> GIVEN INFORMATION

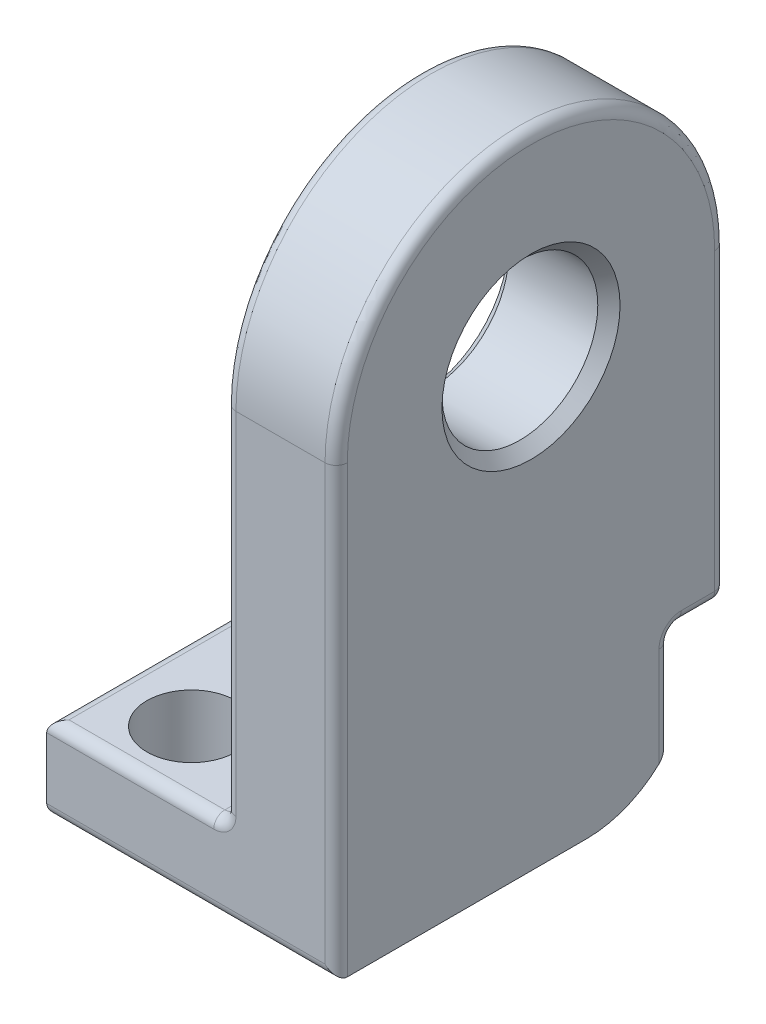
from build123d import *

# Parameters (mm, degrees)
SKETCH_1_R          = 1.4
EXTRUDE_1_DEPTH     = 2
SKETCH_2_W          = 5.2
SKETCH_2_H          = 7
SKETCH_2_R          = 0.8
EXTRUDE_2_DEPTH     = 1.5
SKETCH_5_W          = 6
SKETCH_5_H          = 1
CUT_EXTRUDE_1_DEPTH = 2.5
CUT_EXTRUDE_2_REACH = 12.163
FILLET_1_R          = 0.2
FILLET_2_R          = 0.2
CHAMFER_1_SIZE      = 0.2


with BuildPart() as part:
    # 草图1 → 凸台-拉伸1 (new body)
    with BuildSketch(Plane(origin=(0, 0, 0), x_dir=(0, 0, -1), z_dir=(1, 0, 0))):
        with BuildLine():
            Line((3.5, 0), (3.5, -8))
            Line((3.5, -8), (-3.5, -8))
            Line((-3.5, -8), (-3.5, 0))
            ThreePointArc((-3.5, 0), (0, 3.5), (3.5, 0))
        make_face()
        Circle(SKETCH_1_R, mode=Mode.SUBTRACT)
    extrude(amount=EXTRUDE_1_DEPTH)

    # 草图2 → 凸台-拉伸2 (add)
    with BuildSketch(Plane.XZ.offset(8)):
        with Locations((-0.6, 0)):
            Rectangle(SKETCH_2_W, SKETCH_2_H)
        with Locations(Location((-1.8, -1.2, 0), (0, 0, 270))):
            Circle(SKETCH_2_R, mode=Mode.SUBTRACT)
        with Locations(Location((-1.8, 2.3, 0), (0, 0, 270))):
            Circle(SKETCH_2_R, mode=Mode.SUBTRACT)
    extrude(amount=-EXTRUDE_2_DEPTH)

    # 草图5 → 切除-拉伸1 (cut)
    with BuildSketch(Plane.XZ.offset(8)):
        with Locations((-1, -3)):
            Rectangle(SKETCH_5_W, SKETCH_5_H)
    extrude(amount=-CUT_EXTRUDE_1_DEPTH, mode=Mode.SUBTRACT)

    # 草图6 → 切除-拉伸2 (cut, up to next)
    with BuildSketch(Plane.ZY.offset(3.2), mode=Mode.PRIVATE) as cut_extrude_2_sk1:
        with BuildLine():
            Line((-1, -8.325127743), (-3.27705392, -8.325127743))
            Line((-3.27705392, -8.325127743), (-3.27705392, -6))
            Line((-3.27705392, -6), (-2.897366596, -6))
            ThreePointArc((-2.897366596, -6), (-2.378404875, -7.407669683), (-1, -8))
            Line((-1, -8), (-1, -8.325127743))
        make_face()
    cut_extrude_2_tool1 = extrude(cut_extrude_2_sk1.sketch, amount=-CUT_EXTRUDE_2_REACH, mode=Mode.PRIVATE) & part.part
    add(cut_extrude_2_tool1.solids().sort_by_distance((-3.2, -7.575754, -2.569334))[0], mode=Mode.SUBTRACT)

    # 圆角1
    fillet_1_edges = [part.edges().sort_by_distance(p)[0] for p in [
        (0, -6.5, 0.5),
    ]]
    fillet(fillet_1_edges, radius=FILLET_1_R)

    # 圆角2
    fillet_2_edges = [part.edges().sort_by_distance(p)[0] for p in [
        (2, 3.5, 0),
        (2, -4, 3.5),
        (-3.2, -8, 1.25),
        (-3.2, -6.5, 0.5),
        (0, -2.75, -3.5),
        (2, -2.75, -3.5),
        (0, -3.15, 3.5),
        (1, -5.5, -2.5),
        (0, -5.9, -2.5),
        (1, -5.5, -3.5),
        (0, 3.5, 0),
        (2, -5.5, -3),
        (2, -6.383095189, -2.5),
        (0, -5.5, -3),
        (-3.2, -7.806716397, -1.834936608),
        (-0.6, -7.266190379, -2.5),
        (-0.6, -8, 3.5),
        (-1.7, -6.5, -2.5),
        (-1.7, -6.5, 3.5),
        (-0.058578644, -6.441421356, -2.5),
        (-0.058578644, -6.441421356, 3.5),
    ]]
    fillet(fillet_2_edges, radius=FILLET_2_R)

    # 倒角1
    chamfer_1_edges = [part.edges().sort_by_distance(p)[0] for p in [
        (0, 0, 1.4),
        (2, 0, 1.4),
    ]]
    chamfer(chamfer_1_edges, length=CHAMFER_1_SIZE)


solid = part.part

> WHAT YOU NEED TO DO
Check each line of the records for the string "BuildSketch" and copy those that have it.

> REPLY
    with BuildSketch(Plane(origin=(0, 0, 0), x_dir=(0, 0, -1), z_dir=(1, 0, 0))):
    with BuildSketch(Plane.XZ.offset(8)):
    with BuildSketch(Plane.XZ.offset(8)):
    with BuildSketch(Plane.ZY.offset(3.2), mode=Mode.PRIVATE) as cut_extrude_2_sk1:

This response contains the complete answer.